Web Log 'Word Bursts' Could Identify New Crazes
Zorgatron writes "New Scientist reports that a researcher from Cornell University has come up with clever method of identifying what's cool by automatically searching weblogs. Sudden increases or "bursts" in the usage of particular words may reflect a new craze, according to Jon Kleinberg. He has demonstrated the technique by searching through state of the union addresses given since 1790." I wonder how long before this can be done real time enough to really make this useful.
Theres another "what's popular on blogs" webpage at Blogdex.

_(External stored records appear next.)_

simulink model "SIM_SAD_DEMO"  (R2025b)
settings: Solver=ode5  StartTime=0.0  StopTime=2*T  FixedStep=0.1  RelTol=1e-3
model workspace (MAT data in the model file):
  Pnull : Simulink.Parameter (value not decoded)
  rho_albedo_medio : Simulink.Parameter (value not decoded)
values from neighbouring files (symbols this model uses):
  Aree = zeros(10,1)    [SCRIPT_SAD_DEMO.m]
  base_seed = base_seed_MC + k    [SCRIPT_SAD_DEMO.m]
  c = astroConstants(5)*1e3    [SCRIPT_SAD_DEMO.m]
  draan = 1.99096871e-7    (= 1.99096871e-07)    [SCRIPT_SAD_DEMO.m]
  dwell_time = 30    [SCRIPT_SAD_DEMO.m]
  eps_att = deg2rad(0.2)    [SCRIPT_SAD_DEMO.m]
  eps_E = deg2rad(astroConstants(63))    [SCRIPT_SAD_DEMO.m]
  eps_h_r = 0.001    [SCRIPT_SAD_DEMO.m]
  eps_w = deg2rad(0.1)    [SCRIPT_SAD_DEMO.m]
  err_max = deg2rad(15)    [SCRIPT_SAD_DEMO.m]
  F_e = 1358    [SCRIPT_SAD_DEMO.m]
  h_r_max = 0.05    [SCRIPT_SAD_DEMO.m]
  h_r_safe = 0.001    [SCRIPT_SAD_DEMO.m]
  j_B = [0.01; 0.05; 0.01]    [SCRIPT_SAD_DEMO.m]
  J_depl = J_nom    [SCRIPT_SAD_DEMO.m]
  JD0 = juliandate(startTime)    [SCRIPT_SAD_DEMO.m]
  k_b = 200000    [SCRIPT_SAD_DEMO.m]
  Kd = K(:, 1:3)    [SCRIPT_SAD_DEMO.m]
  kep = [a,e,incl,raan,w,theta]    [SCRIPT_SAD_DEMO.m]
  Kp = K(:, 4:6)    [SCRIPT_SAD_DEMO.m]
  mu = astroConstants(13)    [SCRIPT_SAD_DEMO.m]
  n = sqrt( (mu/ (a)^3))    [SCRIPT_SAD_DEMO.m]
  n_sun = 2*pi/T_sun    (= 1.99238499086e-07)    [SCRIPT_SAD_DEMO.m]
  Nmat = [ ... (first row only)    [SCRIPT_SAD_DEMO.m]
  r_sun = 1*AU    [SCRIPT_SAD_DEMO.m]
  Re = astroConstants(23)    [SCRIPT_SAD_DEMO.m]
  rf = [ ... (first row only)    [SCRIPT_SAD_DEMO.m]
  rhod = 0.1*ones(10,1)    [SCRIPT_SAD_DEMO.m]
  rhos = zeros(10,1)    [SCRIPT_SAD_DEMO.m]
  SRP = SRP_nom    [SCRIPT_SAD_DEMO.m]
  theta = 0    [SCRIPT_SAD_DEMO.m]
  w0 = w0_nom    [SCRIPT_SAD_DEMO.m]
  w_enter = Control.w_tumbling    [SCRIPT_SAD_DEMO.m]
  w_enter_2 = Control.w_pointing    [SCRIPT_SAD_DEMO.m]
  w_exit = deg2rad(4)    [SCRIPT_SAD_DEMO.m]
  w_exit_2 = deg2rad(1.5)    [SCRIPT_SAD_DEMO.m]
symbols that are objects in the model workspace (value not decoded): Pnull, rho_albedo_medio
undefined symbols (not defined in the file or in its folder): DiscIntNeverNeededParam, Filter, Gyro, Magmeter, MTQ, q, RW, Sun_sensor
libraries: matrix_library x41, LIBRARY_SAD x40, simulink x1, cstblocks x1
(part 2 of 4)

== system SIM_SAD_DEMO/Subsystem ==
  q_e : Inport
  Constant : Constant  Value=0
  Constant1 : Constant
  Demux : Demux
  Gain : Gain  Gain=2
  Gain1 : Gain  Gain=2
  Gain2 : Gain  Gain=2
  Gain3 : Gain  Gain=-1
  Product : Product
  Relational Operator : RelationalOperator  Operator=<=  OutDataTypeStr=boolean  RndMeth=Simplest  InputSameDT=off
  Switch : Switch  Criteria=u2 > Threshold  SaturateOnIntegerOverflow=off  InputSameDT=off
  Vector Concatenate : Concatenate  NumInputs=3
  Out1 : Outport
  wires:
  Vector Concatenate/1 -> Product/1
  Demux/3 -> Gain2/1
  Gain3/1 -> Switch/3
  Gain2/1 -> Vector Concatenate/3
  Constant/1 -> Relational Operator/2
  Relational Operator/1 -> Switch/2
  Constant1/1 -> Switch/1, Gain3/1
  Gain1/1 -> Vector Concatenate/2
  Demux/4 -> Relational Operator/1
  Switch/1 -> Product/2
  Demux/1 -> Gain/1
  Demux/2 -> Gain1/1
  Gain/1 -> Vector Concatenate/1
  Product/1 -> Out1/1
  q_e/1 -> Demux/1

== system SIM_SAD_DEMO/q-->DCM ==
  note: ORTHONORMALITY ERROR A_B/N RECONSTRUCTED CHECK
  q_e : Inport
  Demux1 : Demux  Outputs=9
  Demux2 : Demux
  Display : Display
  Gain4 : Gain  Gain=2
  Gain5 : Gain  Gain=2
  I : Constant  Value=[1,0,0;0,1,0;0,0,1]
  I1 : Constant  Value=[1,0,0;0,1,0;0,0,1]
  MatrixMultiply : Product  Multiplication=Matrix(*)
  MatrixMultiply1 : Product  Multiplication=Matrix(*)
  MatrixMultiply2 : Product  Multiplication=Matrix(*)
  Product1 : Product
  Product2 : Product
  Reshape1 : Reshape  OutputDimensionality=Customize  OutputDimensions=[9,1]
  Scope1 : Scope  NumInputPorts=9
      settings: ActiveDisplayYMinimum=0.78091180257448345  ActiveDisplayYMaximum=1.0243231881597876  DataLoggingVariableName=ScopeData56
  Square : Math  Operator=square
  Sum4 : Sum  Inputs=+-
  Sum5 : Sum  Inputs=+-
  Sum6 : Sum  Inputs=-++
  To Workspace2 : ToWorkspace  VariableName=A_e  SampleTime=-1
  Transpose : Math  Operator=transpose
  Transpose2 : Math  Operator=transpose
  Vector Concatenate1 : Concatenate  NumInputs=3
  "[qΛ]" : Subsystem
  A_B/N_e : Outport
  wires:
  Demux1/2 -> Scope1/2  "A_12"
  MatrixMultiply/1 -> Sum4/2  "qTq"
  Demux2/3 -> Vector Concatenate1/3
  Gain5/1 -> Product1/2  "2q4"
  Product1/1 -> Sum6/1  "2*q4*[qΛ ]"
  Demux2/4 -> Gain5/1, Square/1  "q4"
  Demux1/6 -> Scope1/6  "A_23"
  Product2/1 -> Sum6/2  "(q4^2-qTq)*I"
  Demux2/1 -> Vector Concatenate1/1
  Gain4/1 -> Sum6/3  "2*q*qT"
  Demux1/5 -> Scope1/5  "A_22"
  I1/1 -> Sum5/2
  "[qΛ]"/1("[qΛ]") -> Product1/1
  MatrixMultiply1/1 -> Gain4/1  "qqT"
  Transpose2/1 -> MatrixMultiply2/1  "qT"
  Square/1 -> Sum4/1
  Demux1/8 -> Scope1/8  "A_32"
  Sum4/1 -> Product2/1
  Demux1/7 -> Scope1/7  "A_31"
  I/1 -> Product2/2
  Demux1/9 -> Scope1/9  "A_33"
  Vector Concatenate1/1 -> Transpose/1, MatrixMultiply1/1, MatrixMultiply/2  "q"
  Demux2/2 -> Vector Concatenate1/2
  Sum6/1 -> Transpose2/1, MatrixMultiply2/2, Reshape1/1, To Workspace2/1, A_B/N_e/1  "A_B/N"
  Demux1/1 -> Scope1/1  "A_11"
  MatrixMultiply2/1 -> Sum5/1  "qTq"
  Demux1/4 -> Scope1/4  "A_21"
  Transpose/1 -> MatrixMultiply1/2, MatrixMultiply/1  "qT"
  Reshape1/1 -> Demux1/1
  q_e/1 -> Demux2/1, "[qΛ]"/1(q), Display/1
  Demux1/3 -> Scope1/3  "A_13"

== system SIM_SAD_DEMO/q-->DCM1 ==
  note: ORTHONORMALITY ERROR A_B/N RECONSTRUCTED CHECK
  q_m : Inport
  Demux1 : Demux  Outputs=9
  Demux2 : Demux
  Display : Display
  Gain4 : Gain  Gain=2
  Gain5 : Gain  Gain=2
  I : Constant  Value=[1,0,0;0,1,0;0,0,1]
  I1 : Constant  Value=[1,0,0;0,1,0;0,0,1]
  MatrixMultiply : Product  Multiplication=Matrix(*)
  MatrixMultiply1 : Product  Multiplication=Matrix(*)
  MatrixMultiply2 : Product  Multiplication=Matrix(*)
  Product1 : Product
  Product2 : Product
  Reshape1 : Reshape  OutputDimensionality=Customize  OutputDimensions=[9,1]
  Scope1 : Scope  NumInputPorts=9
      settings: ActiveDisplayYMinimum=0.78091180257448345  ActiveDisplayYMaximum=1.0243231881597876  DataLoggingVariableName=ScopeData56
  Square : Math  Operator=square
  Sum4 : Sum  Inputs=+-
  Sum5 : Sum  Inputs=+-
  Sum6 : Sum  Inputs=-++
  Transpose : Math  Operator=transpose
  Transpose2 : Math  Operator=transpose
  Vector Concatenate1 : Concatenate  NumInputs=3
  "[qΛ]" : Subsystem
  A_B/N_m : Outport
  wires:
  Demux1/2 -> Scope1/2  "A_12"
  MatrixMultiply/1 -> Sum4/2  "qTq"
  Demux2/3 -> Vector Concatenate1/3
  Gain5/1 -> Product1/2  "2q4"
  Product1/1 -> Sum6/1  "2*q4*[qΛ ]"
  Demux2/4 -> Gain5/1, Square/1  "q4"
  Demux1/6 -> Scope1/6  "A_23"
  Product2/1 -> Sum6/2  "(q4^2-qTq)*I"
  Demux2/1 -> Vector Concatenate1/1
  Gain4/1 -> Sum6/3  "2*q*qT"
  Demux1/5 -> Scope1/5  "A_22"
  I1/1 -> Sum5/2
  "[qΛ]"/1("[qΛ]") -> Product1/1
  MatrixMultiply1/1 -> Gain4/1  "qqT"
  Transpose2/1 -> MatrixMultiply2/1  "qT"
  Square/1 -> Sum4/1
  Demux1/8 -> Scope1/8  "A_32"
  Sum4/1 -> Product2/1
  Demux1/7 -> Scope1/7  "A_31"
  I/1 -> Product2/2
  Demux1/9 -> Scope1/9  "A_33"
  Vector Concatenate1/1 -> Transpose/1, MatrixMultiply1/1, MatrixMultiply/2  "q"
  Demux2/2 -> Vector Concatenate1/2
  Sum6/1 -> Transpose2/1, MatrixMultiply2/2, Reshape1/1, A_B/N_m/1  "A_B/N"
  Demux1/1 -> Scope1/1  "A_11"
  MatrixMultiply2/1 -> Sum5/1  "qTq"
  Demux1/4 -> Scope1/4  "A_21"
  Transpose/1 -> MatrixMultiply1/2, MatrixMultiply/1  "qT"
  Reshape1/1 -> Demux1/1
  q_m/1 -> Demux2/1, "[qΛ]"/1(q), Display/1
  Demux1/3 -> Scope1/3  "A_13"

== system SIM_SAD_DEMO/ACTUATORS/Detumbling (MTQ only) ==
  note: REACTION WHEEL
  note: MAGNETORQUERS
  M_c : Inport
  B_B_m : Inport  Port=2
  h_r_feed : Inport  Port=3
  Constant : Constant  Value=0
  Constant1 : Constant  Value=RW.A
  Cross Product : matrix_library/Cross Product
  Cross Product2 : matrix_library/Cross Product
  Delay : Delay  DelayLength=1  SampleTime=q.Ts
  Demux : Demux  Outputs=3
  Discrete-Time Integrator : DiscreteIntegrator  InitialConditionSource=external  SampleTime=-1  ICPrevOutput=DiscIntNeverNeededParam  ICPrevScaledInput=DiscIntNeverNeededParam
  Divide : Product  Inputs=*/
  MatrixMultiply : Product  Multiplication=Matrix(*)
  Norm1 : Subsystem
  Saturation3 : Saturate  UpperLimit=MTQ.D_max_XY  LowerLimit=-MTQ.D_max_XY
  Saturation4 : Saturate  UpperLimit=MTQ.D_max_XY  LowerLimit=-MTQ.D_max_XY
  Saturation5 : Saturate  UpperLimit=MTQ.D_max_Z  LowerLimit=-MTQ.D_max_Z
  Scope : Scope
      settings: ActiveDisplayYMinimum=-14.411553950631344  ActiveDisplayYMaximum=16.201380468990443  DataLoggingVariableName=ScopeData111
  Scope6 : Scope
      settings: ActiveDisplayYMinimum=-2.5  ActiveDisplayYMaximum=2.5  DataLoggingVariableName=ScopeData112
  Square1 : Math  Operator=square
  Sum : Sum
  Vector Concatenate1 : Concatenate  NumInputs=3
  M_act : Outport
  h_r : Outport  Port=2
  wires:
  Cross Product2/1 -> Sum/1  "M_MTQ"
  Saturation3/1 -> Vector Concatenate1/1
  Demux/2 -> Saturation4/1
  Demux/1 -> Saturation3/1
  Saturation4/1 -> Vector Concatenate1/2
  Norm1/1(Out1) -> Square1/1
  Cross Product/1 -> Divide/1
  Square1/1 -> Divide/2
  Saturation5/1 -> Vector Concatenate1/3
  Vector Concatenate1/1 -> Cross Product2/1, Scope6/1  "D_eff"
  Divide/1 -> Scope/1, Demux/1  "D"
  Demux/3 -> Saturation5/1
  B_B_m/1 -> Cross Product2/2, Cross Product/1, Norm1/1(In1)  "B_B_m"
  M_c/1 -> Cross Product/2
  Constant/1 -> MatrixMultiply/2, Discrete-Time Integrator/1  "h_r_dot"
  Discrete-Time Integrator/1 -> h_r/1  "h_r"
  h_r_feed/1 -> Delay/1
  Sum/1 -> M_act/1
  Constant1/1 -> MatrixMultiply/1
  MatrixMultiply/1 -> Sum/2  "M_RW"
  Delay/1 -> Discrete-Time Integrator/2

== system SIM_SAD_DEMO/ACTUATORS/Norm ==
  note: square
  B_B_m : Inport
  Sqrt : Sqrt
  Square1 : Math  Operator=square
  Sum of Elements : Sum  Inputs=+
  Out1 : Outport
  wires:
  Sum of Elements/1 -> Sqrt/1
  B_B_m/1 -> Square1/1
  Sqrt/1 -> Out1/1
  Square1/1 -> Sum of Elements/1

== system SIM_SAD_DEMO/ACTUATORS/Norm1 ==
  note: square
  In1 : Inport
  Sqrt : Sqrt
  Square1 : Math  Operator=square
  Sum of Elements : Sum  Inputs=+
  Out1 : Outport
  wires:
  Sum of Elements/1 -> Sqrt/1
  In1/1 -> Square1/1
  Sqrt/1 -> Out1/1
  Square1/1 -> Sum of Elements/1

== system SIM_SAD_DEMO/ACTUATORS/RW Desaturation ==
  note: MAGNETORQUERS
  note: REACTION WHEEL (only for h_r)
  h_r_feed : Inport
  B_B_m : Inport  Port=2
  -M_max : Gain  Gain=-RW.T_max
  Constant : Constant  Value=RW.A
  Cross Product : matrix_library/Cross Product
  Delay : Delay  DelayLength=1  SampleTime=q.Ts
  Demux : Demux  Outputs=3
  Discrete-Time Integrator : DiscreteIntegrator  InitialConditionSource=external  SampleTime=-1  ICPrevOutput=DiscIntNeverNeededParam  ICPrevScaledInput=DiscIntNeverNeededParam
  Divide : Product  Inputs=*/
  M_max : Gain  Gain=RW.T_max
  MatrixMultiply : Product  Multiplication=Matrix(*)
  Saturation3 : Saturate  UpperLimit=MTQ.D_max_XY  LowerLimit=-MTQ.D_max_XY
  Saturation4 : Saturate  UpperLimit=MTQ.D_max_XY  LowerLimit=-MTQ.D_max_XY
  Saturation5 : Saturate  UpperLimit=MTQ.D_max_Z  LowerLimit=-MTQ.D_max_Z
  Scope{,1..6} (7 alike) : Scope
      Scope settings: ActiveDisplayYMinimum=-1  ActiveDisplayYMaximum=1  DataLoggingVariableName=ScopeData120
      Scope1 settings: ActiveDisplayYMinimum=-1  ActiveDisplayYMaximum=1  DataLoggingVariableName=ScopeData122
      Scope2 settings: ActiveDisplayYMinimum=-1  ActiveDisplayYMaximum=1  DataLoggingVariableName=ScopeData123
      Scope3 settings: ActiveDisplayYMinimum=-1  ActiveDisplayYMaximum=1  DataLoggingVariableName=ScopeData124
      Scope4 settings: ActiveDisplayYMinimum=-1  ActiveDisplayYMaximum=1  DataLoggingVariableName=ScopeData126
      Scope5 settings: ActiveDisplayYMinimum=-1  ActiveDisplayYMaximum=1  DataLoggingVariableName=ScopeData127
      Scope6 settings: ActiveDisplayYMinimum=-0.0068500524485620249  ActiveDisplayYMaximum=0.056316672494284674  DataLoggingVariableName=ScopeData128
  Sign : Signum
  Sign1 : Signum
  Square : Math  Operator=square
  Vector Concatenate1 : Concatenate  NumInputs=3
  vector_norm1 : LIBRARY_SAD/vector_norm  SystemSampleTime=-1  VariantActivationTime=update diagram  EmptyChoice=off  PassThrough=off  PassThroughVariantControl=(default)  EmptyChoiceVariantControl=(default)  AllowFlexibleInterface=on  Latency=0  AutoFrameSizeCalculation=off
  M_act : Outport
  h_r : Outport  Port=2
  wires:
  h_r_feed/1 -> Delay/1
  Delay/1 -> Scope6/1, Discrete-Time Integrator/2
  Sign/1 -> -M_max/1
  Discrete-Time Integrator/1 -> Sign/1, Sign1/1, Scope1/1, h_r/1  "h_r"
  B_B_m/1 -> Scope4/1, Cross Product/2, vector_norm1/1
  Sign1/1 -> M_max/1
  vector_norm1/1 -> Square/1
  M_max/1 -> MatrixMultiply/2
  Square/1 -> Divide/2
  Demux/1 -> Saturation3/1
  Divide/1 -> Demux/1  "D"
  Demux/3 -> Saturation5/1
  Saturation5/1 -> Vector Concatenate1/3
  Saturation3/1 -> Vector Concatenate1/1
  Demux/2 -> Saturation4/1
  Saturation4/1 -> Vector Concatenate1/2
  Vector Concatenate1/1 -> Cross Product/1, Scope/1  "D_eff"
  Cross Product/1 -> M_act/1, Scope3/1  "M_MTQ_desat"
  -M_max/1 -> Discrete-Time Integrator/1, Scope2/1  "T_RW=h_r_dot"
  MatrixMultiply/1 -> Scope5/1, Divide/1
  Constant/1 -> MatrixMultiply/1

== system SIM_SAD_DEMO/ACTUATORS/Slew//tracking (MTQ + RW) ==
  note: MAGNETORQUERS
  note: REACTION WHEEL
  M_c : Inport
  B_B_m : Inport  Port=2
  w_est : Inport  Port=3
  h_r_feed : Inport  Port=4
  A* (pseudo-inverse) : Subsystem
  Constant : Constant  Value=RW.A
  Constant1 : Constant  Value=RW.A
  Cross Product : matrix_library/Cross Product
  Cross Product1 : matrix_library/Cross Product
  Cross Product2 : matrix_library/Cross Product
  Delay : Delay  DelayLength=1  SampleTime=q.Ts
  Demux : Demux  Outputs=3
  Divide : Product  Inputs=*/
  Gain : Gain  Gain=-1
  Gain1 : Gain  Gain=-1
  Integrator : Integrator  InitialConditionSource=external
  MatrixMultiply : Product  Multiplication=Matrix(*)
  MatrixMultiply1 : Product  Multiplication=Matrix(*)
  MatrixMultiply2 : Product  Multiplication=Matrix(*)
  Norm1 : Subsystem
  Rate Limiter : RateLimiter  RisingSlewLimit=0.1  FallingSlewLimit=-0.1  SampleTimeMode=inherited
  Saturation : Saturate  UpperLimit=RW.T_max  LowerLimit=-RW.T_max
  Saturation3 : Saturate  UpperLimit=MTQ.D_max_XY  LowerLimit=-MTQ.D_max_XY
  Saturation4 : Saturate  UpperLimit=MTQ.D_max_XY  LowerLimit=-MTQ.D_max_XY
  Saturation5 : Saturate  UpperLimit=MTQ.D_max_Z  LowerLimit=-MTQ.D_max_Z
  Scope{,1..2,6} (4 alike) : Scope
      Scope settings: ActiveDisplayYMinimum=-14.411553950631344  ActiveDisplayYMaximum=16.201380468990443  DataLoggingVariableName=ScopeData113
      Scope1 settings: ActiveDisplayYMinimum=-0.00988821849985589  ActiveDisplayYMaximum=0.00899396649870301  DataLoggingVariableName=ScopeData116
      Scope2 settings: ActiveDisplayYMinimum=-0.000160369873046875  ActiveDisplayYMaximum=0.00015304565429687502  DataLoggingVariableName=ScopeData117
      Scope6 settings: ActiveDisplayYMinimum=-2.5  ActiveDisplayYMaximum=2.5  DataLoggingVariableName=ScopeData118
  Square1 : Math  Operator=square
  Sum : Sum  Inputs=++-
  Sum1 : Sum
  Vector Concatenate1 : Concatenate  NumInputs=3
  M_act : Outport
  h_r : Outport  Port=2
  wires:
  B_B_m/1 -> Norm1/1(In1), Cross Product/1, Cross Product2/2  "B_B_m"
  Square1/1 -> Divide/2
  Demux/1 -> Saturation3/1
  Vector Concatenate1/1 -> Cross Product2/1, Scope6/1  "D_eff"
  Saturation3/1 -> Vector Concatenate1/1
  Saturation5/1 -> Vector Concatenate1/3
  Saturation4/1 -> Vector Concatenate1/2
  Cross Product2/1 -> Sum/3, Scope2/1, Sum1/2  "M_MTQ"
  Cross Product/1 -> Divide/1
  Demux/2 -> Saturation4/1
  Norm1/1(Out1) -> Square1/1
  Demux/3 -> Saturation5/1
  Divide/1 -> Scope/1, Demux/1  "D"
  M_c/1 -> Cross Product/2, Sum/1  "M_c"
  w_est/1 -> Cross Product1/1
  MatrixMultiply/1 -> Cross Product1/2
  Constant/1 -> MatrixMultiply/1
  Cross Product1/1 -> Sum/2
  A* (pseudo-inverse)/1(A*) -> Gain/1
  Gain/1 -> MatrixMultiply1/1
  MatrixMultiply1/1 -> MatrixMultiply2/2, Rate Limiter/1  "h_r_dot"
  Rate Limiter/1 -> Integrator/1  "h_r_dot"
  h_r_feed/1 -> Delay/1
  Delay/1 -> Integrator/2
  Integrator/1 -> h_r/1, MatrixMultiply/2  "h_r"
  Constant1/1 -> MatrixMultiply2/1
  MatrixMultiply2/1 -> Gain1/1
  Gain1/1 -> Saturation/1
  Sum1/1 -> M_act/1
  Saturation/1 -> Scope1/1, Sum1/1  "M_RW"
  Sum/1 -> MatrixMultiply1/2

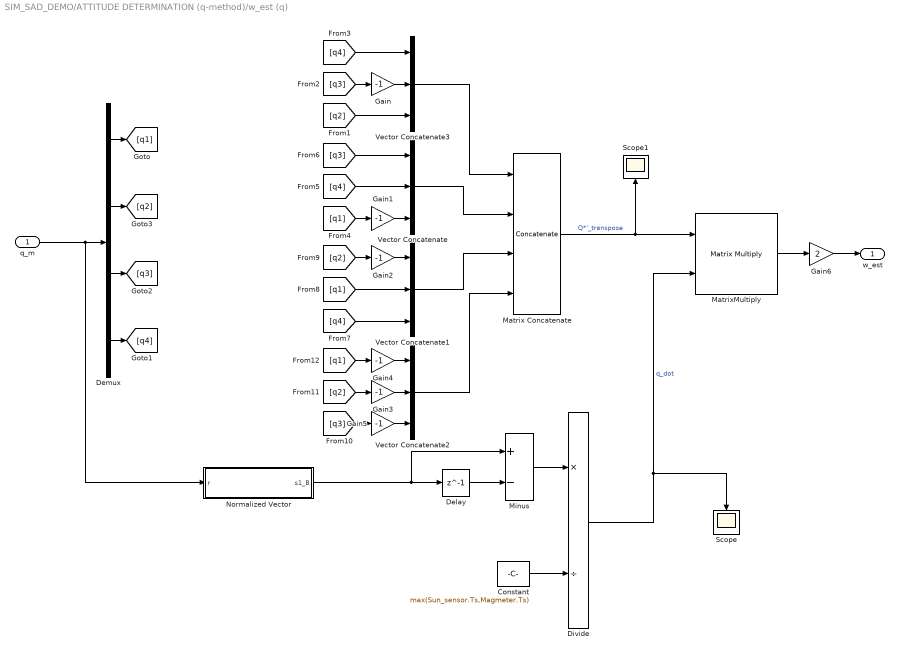
== system SIM_SAD_DEMO/ATTITUDE DETERMINATION (q-method)/w_est (q) ==
  q_m : Inport
  Constant : Constant  Value=max(Sun_sensor.Ts,Magmeter.Ts)
  Delay : Delay  DelayLength=1
  Demux : Demux
  Divide : Product  Inputs=*/
  Gain{,1..5} (6 alike) : Gain  Gain=-1
  Gain6 : Gain  Gain=2
  Matrix Concatenate : Concatenate  NumInputs=4  Mode=Multidimensional array  ConcatenateDimension=2
  MatrixMultiply : Product  Multiplication=Matrix(*)
  Minus : Sum  Inputs=+-
  Normalized Vector : Subsystem
  Scope : Scope
      settings: ActiveDisplayYMinimum=-1  ActiveDisplayYMaximum=1  DataLoggingVariableName=ScopeData67
  Scope1 : Scope
      settings: ActiveDisplayYMinimum=-1  ActiveDisplayYMaximum=1  DataLoggingVariableName=ScopeData68
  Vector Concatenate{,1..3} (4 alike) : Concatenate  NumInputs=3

It tracks links, showing which pages are most linked to.
daed si luap
Google can do much the same thing, on a real-time basis, by examining what phrases are searched for.
http://www.daypop.com
Its got the top 40 every day. Doing it some other way would only catch memes sooner. And if the system doesn't catch it until its popular, it really doesn't help. What we need is a large and complete database of all meme type things.
The GeekNights podcast is going strong. Listen!
that's "IN SOVIET RUSSIA, PEPSI DRINKS YOU !!!" and "All your sport are belong to us". Just crossing the i's and dotting the t's.
They have a realtime search mechanism that can search within Chat rooms also , and TV and radios streams. (Kevin Kelly is on the Board). Used to be a downloadable personal edition. there is a free trial. Not a plug !!! , they became a corporate (financial and others) company , turning back on "Free Information Now" roots. but at least it works :)
http://www.relegence.com
Sounds like a combination of Google's Zeitgeist and LiveJournal's MemeTracker. In other words, nothing that new.
It's also the basis for Computational Lexicography. Doing analysis on large corpora. One of the interests people have in this field is introduction of new words in society. The field used to use corpora such as the British National Corpus, but since the explosion of the Web, sites such as Google can far exceed that size. Weblogs are simply a good example of a more natural form of language. The interesting thing would be not so much to find new trends through words... but if we can truly solve the whole natural language parsing problem and use such information to extract higher-level knowledge
Data from state of the union addresses here.
Although its not really what the story is about, I always had thought that the Google Zeitgeist was a good indication of "new crazes".